Lees hieronder het volledige interview van Ann De Craemer met Wim Daniëls, verschenen in de Lage Landen in juni 2025. Daaronder het debat in de plenaire vergadering van het Vlaams Parlement dat gevoerd werd naar aanleiding van het verschijnen van het boek.
Vraagsteller: Griet Vanryckegem
Ondervraagde minister: Caroline Gennez
Externe sprekers: Gilles Bultinck, Filip Brusselmans
Nummer609 (2024-2025)
Mevrouw Vanryckegem heeft het woord.
Minister, ‘Spraakmakend Nederlands’ is de recentste editie van de Nederlandse linguïst en expert Wim Daniëls, waarin hij de geschiedenis en de toekomst van onze taal beschrijft in al zijn variëteiten. Daarin luidt hij de alarmbel over het Nederlands. Hij stelt vast dat de dialecten – en dat weten we eigenlijk al – door de toenemende mobiliteit tussen dorpen, steden en regio’s aan het verdwijnen zijn. Meer nog, hij zegt zelf dat onze dialecten over vijftig jaar verleden tijd zullen zijn.
Hij ziet ook de verengelsing in onze taal en durft de voorspelling te doen dat onze taal, het Nederlands, binnen vijftig jaar in dezelfde positie zal zijn als het dialect nu, ten opzichte van tussentaal en regiolecten. Het is erg om dat nu al te horen.
Minister, u bent krachtens de bijzondere wet van 8 augustus 1980 tot hervorming der instellingen mee bevoegd voor de bescherming en de luister van de taal. Vandaar stel ik u graag de volgende vraag: hoe zult u ervoor zorgen dat het Nederlands in vijftig jaar geen dode taal wordt? (Applaus bij de N-VA)
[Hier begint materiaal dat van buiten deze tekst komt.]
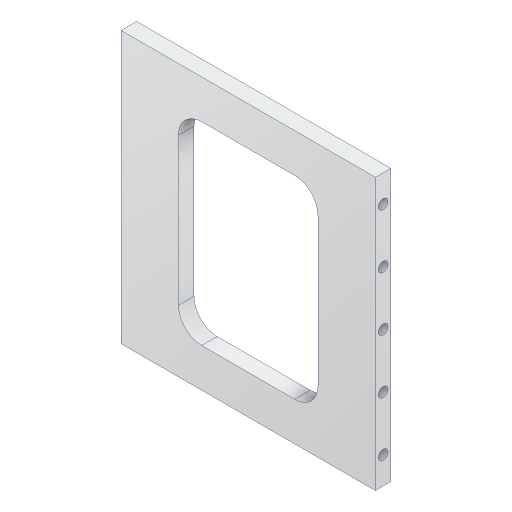
# Autodesk Inventor part: 지지프레임2
Saved by Autodesk Inventor 2023.2 (Build 272271000, 271)
## iProperties
Created: 2022-12-28
Part Number: 지지프레임2
Material: 알루미늄 6061
Document SubType Name: Modeling
Designer: BAEK
Density: 2.7 g/cm^3
Appearance: 알루미늄 - 평지
Mass: 22.8665 g
Surface Area: 63.4784 cm^2
Volume: 8.46909 cm^3
Author: BAEK
Autodesk Inventor part; units mm, degrees
ref_plane "YZ Plane" through (0, 0, 0) normal (1, 0, 0) x (0, 1, 0)
ref_plane "XZ Plane" through (0, 0, 0) normal (0, 1, 0) x (-1, 0, 0)
ref_plane "XY Plane" through (0, 0, 0) normal (0, 0, 1) x (1, 0, 0)
sketch "스케치1" plane through (0, 0, 0) normal (0, 0, 1) x (1, 0, 0)
  line L0 (-32.8, 35) -> (32.8, 35)
  line L1 (32.8, 35) -> (32.8, -35)
  line L2 (32.8, -35) -> (-32.8, -35)
  line L3 (-32.8, -35) -> (-32.8, 35)
  line L4 (-32.8, 35) -> (32.8, -35) construction
  line L5 (32.8, 35) -> (-32.8, -35) construction
  point P0 (0, 0)
  dimension "d0" = 65.6
  dimension "d1" = 70
  constraints: 12 end point, 2 midpoint, 2 parallel, 1 horizontal, 1 perpendicular
  measures "d0" distance of L1.end L2.end
  measures "d1" distance of L0.end L1.end
extrude "돌출1" add sketch "스케치1" along normal blind 4
sketch "스케치2" plane through (32.8, -35, 0) normal (1, 0, 0) x (0, 0, -1)
  line L0 (0, 0) -> (0, 70) projected
  line L1 (0, 70) -> (-4, 70) projected
  line L2 (-4, 0) -> (-4, 70) projected
  line L3 (0, 0) -> (-4, 0) projected
  line L4 (0, 70) -> (-4, 70) projected
  line L5 (-2, 70) -> (-2, 0) construction
  line L6 (0, 0) -> (-4, 0) projected
  circle A0 centre (-2, 63) radius 1.25
  circle A1 centre (-2, 49) radius 1.25
  circle A2 centre (-2, 35) radius 1.25
  circle A3 centre (-2, 21) radius 1.25
  circle A4 centre (-2, 7) radius 1.25
  point P0 (0, 35)
  dimension "d4" = 2.5
  dimension "d5" = 2.5
  dimension "d6" = 2.5
  dimension "d8" = 2.5
  dimension "d9" = 2.5
  dimension "d10" = 14
  dimension "d11" = 7
  dimension "d12" = 14
  dimension "d13" = 7
  dimension "d14" = 14
  constraints: 5 centre point, 4 midpoint, 4 point on line, 2 end point
  measures "d4" diameter of A0
  measures "d5" diameter of A1
  measures "d6" diameter of A2
  measures "d8" diameter of A3
  measures "d9" diameter of A4
  measures "d10" distance of A0.centre A1.centre
  measures "d11" distance from line of L4 A0.centre
  measures "d12" distance of A1.centre A2.centre
  measures "d13" distance of point (-2, 0) A4.centre
  measures "d14" distance of A4.centre A3.centre
extrude "돌출2" cut sketch "스케치2" against normal blind 6 contours A0 | A1 | A2 | A3 | A4
mirror "미러1" about plane through (0, 0, 0) normal (1, 0, 0) of "돌출2"
sketch "스케치3" plane through (0, 0, 0) normal (0, 0, -1) x (-1, 0, 0)
  line L0 (-18, 25) -> (18, 25)
  line L1 (18, 25) -> (18, -25)
  line L2 (18, -25) -> (-18, -25)
  line L3 (-18, -25) -> (-18, 25)
  line L4 (-18, 25) -> (18, -25) construction
  line L5 (18, 25) -> (-18, -25) construction
  point P0 (0, 0)
  dimension "d19" = 36
  dimension "d20" = 50
  constraints: 12 end point, 2 midpoint, 2 parallel, 1 horizontal, 1 perpendicular
  measures "d19" distance of L1.end L2.end
  measures "d20" distance of L0.end L1.end
extrude "돌출3" cut sketch "스케치3" against normal blind 6
fillet "모깎기1" radius 6 4 edges at (18, 25, 2) (-18, 25, 2) (-18, -25, 2) (18, -25, 2)
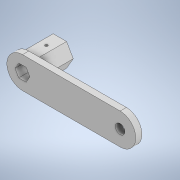
# Autodesk Inventor part: Acople_TransPot
Saved by Autodesk Inventor 2022 (Build 260153000, 153)
## iProperties
Created: 2022-02-22
Part Number: Acople_TransPot
Material: Generic
Document SubType Name: Modeling
Designer: katha
Density: 1 g/cm^3
Appearance: Default
Author: katha
Autodesk Inventor part; units mm, degrees
ref_plane "YZ Plane" through (0, 0, 0) normal (1, 0, 0) x (0, 1, 0)
ref_plane "XZ Plane" through (0, 0, 0) normal (0, 1, 0) x (-1, 0, 0)
ref_plane "Work Plane4" through (0, 0, 3) normal (0, 0, 1) x (1, 0, 0)
sketch "Sketch3" plane through (0, 0, 3) normal (0, 0, 1) x (1, 0, 0)
  circle A0 centre (47, 0) radius 2.3
  circle A1 centre (0, 0) radius 7.5 projected
  circle A2 centre (47, 0) radius 7.5
  line L0 (0, -7.5) -> (47, -7.5)
  line L1 (47, 0) -> (12.3969, 0) construction
  line L2 (0, 7.5) -> (47, 7.5)
  point P0 (0, 0)
  dimension "d13" = 15
  dimension "d5" = 4.6
  dimension "d14" = 47
  constraints: 6 end point, 3 horizontal, 2 symmetric about line, 1 centre point, 1 coincident, 5 other
  measures "d5" diameter of A0
  measures "d14" distance of L0.start L0.end
extrude "Extrusion5" add sketch "Sketch3" along normal blind 3
sketch "Sketch6" plane through (0, 0, 3) normal (0, 0, -1) x (-1, 0, 0)
  arc A0 (0, -7.5) -> (0, 7.5) centre (0, 0) ccw projected
  line L0 (0, 0) -> (3.1, 0) construction
  line L1 (0, 0) -> (1.55, 2.6847) construction
  line L2 (0, 0) -> (-1.55, 2.6847) construction
  line L3 (0, 0) -> (-3.1, 0) construction
  line L4 (0, 0) -> (-1.55, -2.6847) construction
  line L5 (0, 0) -> (1.55, -2.6847) construction
  line L6 (-1.55, 2.6847) -> (1.55, 2.6847) construction
  line L7 (1.55, 2.6847) -> (3.1, 0) construction
  line L8 (3.1, 0) -> (1.55, -2.6847) construction
  line L9 (1.55, -2.6847) -> (-1.55, -2.6847) construction
  line L10 (-1.55, -2.6847) -> (-3.1, 0) construction
  line L11 (-3.1, 0) -> (-1.55, 2.6847) construction
  line L12 (3.5619, 0) -> (1.7809, 3.0847)
  line L13 (1.7809, 3.0847) -> (-1.7809, 3.0847)
  line L14 (-1.7809, 3.0847) -> (-3.5619, 0)
  line L15 (-3.5619, 0) -> (-1.7809, -3.0847)
  line L16 (-1.7809, -3.0847) -> (1.7809, -3.0847)
  line L17 (1.7809, -3.0847) -> (3.5619, 0)
  line L18 (3.2243, 5.5847) -> (6.4486, 0)
  line L19 (6.4486, 0) -> (3.2243, -5.5847)
  line L20 (3.2243, -5.5847) -> (-3.2243, -5.5847)
  line L21 (-3.2243, -5.5847) -> (-6.4486, 0)
  line L22 (-6.4486, 0) -> (-3.2243, 5.5847)
  line L23 (-3.2243, 5.5847) -> (3.2243, 5.5847)
  point P0 (0, 0)
  dimension "d17" = 3.1
  dimension "d20" = 360
  dimension "d22" = 0.4
  dimension "d23" = 2.5
  constraints: 48 end point, 9 parallel, 2 coincident, 2 horizontal, 27 other
  measures "d17" distance of L0.start L0.end
  measures "d22" distance between parallel lines of L7 L12
  measures "d23" distance between parallel lines of L12 L18
extrude "Extrusion6" add sketch "Sketch6" along normal blind 15
sketch "Sketch7" plane through (0, 0, 3) normal (0, 0, -1) x (-1, 0, 0)
  line L0 (3.5619, 0) -> (1.7809, 3.0847) projected
  line L1 (1.7809, 3.0847) -> (-1.7809, 3.0847) projected
  line L2 (-1.7809, 3.0847) -> (-3.5619, 0) projected
  line L3 (-3.5619, 0) -> (-1.7809, -3.0847) projected
  line L4 (-1.7809, -3.0847) -> (1.7809, -3.0847) projected
  line L5 (1.7809, -3.0847) -> (3.5619, 0) projected
  point P0 (0, 0)
extrude "Extrusion7" cut sketch "Sketch7" against normal blind 15
sketch "Sketch8" plane through (-3.2243, 5.5847, 3) normal (0, 1, 0) x (1, 0, 0)
  line L0 (6.4486, 0) -> (0, 0) projected
  line L1 (6.4486, 0) -> (6.4486, 15) projected
  line L2 (0, 15) -> (6.4486, 15) projected
  line L3 (0, 0) -> (0, 15) projected
  line L4 (0, 0) -> (0, 15) projected
  line L5 (1.4434, 15) -> (5.0053, 15) projected
  line L6 (3.2243, 0) -> (3.2243, -3) projected
  line L7 (3.2243, 15) -> (3.2243, 0) construction
  circle A0 centre (3.2243, 8.5) radius 0.65
  line L8 (-4.2757, -3) -> (3.2243, -3) projected
  point P0 (3.2243, 3)
  dimension "d29" = 1.3
  dimension "d30" = 11.5
  constraints: 2 end point, 1 centre point, 1 midpoint, 1 point on line, 1 vertical
  measures "d29" diameter of A0
  measures "d30" distance from line of A0.centre L8
extrude "Extrusion8" cut sketch "Sketch8" against normal blind 15 contours A0
body "Solid1"
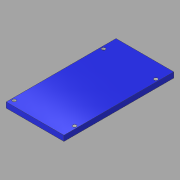
# Autodesk Inventor part: Arduino Mount
Saved by Autodesk Inventor 2017 (Build 210142000, 142)
## iProperties
Created: 2016-12-06
Part Number: Arduino Mount
Material: Polystyrene, High Impact
Document SubType Name: Modeling
Designer: qupec
Density: 1.022 g/cm^3
Appearance: Smooth - White
Author: qupec
Autodesk Inventor part; units mm, degrees
ref_plane "YZ Plane" through (0, 0, 0) normal (1, 0, 0) x (0, 1, 0)
ref_plane "XZ Plane" through (0, 0, 0) normal (0, 1, 0) x (-1, 0, 0)
ref_plane "XY Plane" through (0, 0, 0) normal (0, 0, 1) x (1, 0, 0)
sketch "Sketch1" plane through (0, 0, 0) normal (0, 1, 0) x (-1, 0, 0)
  line L0 (26.7081, 50.8) -> (-26.7081, 50.8)
  line L1 (-26.7081, 50.8) -> (-26.7081, -50.8)
  line L2 (-26.7081, -50.8) -> (26.7081, -50.8)
  line L3 (26.7081, -50.8) -> (26.7081, 50.8)
  point P0 (0, 0)
  dimension "d0" = 101.6
  dimension "d1" = 53.4162
  dimension "d2" = 26.7081
  dimension "d3" = 50.8
  constraints: 8 end point, 2 parallel, 1 horizontal, 1 perpendicular
  measures "d0" distance of L2.end L0.start
  measures "d1" distance of L0.start L0.end
  measures "d2" distance from line of point (0, 0) L1
  measures "d3" distance from line of point (0, 0) L0
extrude "Extrusion1" add sketch "Sketch1" along normal blind 5
sketch "Sketch3" plane through (0, 5, 0) normal (0, 1, 0) x (1, 0, 0)
  circle A0 centre (-24.1681, -45.9486) radius 1.5875
  line L0 (-26.7081, 50.8) -> (-26.7081, -50.8) projected
  circle A1 centre (24.1681, -38.4556) radius 1.5621
  line L1 (26.7081, -50.8) -> (26.7081, 50.8) projected
  circle A2 centre (-24.1681, 36.6776) radius 1.5621
  line L2 (26.7081, 50.8) -> (-26.7081, 50.8) projected
  circle A3 centre (24.1681, 36.6776) radius 1.5621
  line L3 (-26.7081, -50.8) -> (26.7081, -50.8) projected
  point P0 (0, 0)
  dimension "d6" = 3.175
  dimension "d7" = 2.54
  dimension "d9" = 3.1242
  dimension "d10" = 2.54
  dimension "d12" = 3.1242
  dimension "d13" = 2.54
  dimension "d14" = 14.1224
  dimension "d15" = 3.1242
  dimension "d16" = 14.1224
  dimension "d17" = 2.54
  dimension "d32" = 4.8514
  dimension "d36" = 75.1332
  constraints: 4 centre point
  measures "d6" diameter of A0
  measures "d7" distance from line of L0 A0.centre
  measures "d9" diameter of A1
  measures "d10" distance from line of L1 A1.centre
  measures "d12" diameter of A2
  measures "d13" distance from line of L0 A2.centre
  measures "d14" distance from line of L2 A2.centre
  measures "d15" diameter of A3
  measures "d16" distance from line of L2 A3.centre
  measures "d17" distance from line of L1 A3.centre
  measures "d32" distance from line of L3 A0.centre
  measures "d36" distance of A1.centre A3.centre
extrude "Extrusion4" cut sketch "Sketch3" against normal through all contours A0 | A1 | A2 | A3
equation "\"d2\" = 0.5 * d1"
equation "\"d3\" = 0.5 * d0"
equation "\"d9\" = d15"
body "Solid1"

Minister Gennez heeft het woord.
Minister Caroline Gennez
Collega Vanryckegem, een minister die bevoegd is voor de bescherming en de luister van onze taal: ik zou het niet mooier kunnen samenvatten, want inderdaad, Nederlands is onze taal en vormt ook de basis van onze gedeelde identiteit. U hebt in mij dus een partner om op te komen voor de bescherming en de versterking van het Nederlands.
Ikzelf ben de Limburgse dochter van een Truiense Franssprekende opa die in Mechelen woonde. Alle laagjes van mijn identiteit zijn me even dierbaar, maar het Nederlands is zo belangrijk als leertaal, als leeftaal, als werktaal. Ik ben dan ook heel blij dat deze Vlaamse Regering, zoals u het vraagt, echte verantwoordelijkheid neemt om keihard in te zetten op de versterking van het Nederlands.
We zetten al vanaf de kinderopvang in op taalrijke opvang. In de brede school gaan we investeren om spelenderwijs Nederlands te leren. We gaan het Leesoffensief opnieuw versterken. En uiteraard gaan we, samen met de minister van Onderwijs – want ook daar wordt de taal versterkt –, inzetten op een kennisrijk curriculum met een sterk taalonderwijs, waarin het Nederlands centraal staat.
De eerste tientallen miljoenen euro zullen binnenkort geïnvesteerd worden, niet alleen in ons onderwijs, maar ook in onze culturele instellingen, in onze kinderopvang en in onze brede scholen. Taalunie, waar u ook lid van bent, voert, samen met de Nederlandse collega’s, de strijd tegen de verengelsing, ook in ons hoger onderwijs, om het Nederlands te versterken op alle niveaus, op alle domeinen die belangrijk zijn in het leven van mensen: werken, naar school gaan en de vrije tijd. (Applaus bij Vooruit)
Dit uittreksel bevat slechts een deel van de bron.